[[ Supplied entries, beginning ]]

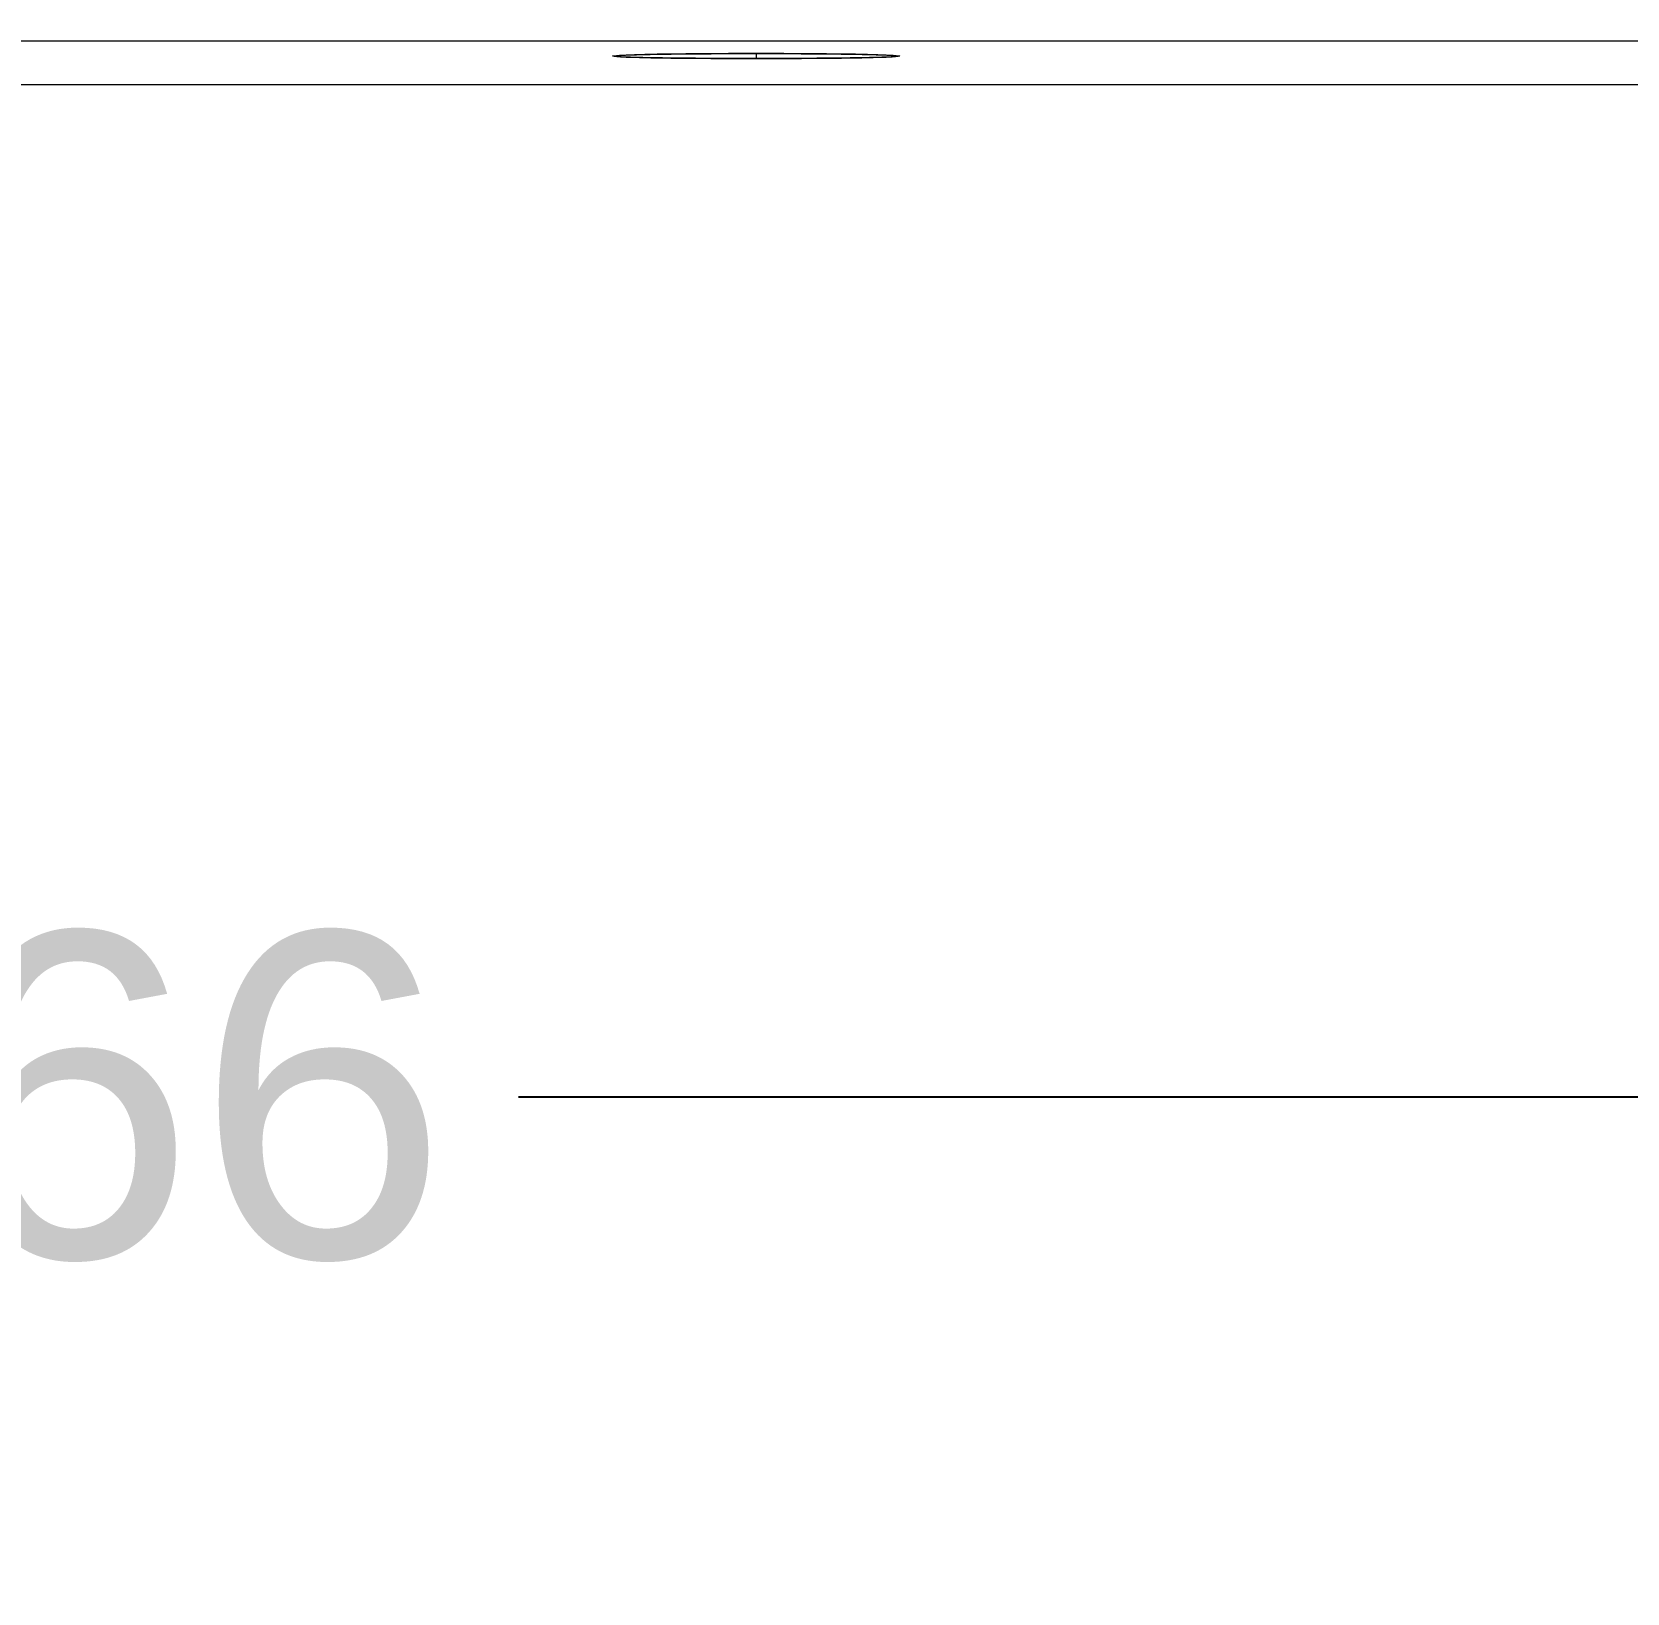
# Model space of a CAD drawing. Header units: millimetres. Extents: x 2433 to 4809, y -10272 to -6912.
# Drawn here: x 3182.7 to 3271.1, y -9657.7 to -9571.2 of the extents above; entities that cross this region are included whole.
import ezdxf

# ---------------------------------------------------------------- set-up
doc = ezdxf.new("R2010")
doc.units = ezdxf.units.MM
doc.layers.add('DIM', color=3, linetype='Continuous', lineweight=13)
doc.styles.add('ARIAL', font='arial.ttf')
doc.dimstyles.get("Standard").update_dxf_attribs({"dimtxt": 15, "dimasz": 15, "dimexe": 0.18, "dimexo": 0.0625, "dimgap": 4, "dimtad": 0, "dimtih": 1, "dimtoh": 1, "dimdec": 1, "dimdsep": 46, "dimtxsty": 'ARIAL', "dimcen": 0, "dimclrd": 3, "dimclre": 3, "dimclrt": 3, "dimadec": 0, "dimazin": 0, "dimtfac": 1, "dimtdec": 1, "dimtofl": 0, "dimtmove": 0, "dimatfit": 3, "dimfxl": 1, "dimtolj": 1, "dimtzin": 0, "dimarcsym": 0})

# ---------------------------------------------------------------- blocks, each defined once
blk = doc.blocks.new('*D45')
at = {"layer": 'Defpoints', "color": 0, "transparency": 16777216}
for p in [(3001.787, -9537.363), (3367.787, -9537.363), (3367.787, -9630.236)]:
    blk.add_point(p, dxfattribs=at)
at = {"layer": 'DIM', "color": 3, "lineweight": -2, "transparency": 16777216}
for p, q in [((3001.787, -9537.425), (3001.787, -9630.416)), ((3367.787, -9537.425), (3367.787, -9630.416)), ((3019.787, -9630.236), (3159.915, -9630.236)), ((3349.787, -9630.236), (3209.66, -9630.236))]:
    blk.add_line(p, q, dxfattribs=at)
at = {"layer": 'DIM', "color": 3, "transparency": 16777216}
for points in [[(3019.787, -9627.236), (3019.787, -9633.236), (3001.787, -9630.236)], [(3349.787, -9627.236), (3349.787, -9633.236), (3367.787, -9630.236)]]:
    blk.add_solid(points, dxfattribs=at)
at = {"layer": 'DIM', "color": 3, "transparency": 16777216, "insert": (3184.787, -9630.236), "char_height": 18, "attachment_point": 5, "style": 'ARIAL'}
blk.add_mtext('\\A1;366', dxfattribs=at)
blk = doc.blocks.new('*D46')
at = {"layer": 'Defpoints', "color": 0, "transparency": 16777216}
for p in [(3184.787, -7905.985), (3696.954, -9950.155), (3696.954, -9950.155)]:
    blk.add_point(p, dxfattribs=at)
at = {"layer": 'DIM', "color": 3, "lineweight": -2, "transparency": 16777216}
for p, q in [((3184.85, -7905.985), (3697.134, -7905.985)), ((3696.954, -7923.985), (3696.954, -8911.271)), ((3696.954, -9932.155), (3696.954, -8944.87)), ((3697.016, -9950.155), (3697.134, -9950.155))]:
    blk.add_line(p, q, dxfattribs=at)
at = {"layer": 'DIM', "color": 3, "transparency": 16777216}
for points in [[(3693.954, -7923.985), (3699.954, -7923.985), (3696.954, -7905.985)], [(3693.954, -9932.155), (3699.954, -9932.155), (3696.954, -9950.155)]]:
    blk.add_solid(points, dxfattribs=at)
at = {"layer": 'DIM', "color": 3, "transparency": 16777216, "insert": (3696.954, -8928.07), "char_height": 18, "attachment_point": 5, "style": 'ARIAL'}
blk.add_mtext('\\A1;(2280)', dxfattribs=at)

msp = doc.modelspace()

# ---------------------------------------------------------------- linework, layer by layer
at = {"linetype": 'Continuous', "lineweight": 13}
for p, q in [((2960.228, -9571.723), (3409.844, -9571.723)), ((3222.824, -9572.426), (3222.824, -9572.697)), ((3118.099, -9574.132), (3188.099, -9574.132)), ((3188.099, -9574.132), (3233.544, -9574.132)), ((3233.544, -9574.132), (3285.285, -9574.132))]:
    msp.add_line(p, q, dxfattribs=at)
for start_param, end_param in [(1.570796, 4.712389), (4.712389, 7.853982)]:
    msp.add_ellipse((3222.824, -9572.562), major_axis=(7.785, 0), ratio=0.017455, start_param=start_param, end_param=end_param, dxfattribs=at)
for points in [[(3222.824, -9572.7), (3221.95, -9572.7), (3220.303, -9572.696), (3218.03, -9572.675), (3216.257, -9572.644), (3215.123, -9572.605), (3214.734, -9572.562), (3215.123, -9572.518), (3216.257, -9572.479), (3218.029, -9572.448), (3220.303, -9572.427), (3221.95, -9572.423), (3222.824, -9572.423)], [(3222.824, -9572.423), (3223.697, -9572.423), (3225.344, -9572.427), (3227.617, -9572.448), (3229.39, -9572.479), (3230.524, -9572.518), (3230.913, -9572.562), (3230.524, -9572.605), (3229.39, -9572.644), (3227.618, -9572.675), (3225.344, -9572.696), (3223.697, -9572.7), (3222.824, -9572.7)]]:
    msp.add_open_spline(points, degree=3, dxfattribs=at)

# ---------------------------------------------------------------- dimensions: what is measured, and where the dimension line sits
at = {"layer": 'DIM', "color": 3}
dim = msp.add_linear_dim(base=(3696.954, -9950.155), p1=(3184.787, -7905.985), p2=(3696.954, -9950.155), angle=90, text='(2280)', dimstyle='Standard', override={"dimtxt": 18, "dimasz": 18, "dimgap": 5}, dxfattribs=at)
dim.commit()
dim.dimension.update_dxf_attribs({"geometry": '*D46', "text_midpoint": (3696.954, -8928.07)})
dim = msp.add_linear_dim(base=(3367.787, -9630.236), p1=(3001.787, -9537.363), p2=(3367.787, -9537.363), dimstyle='Standard', override={"dimtxt": 18, "dimasz": 18, "dimgap": 5}, dxfattribs=at)
dim.commit()
dim.dimension.update_dxf_attribs({"geometry": '*D45', "text_midpoint": (3184.787, -9630.236)})

doc.saveas('drawing.dxf')

[[ Supplied entries, end ]]

(The task):
In the reply, give again exactly the lines from the beginning of the entries above through the line with "import ezdxf"; pictures stay out.

(Solution for this task):
# Model space of a CAD drawing. Header units: millimetres. Extents: x 2433 to 4809, y -10272 to -6912.
# Drawn here: x 3182.7 to 3271.1, y -9657.7 to -9571.2 of the extents above; entities that cross this region are included whole.
import ezdxf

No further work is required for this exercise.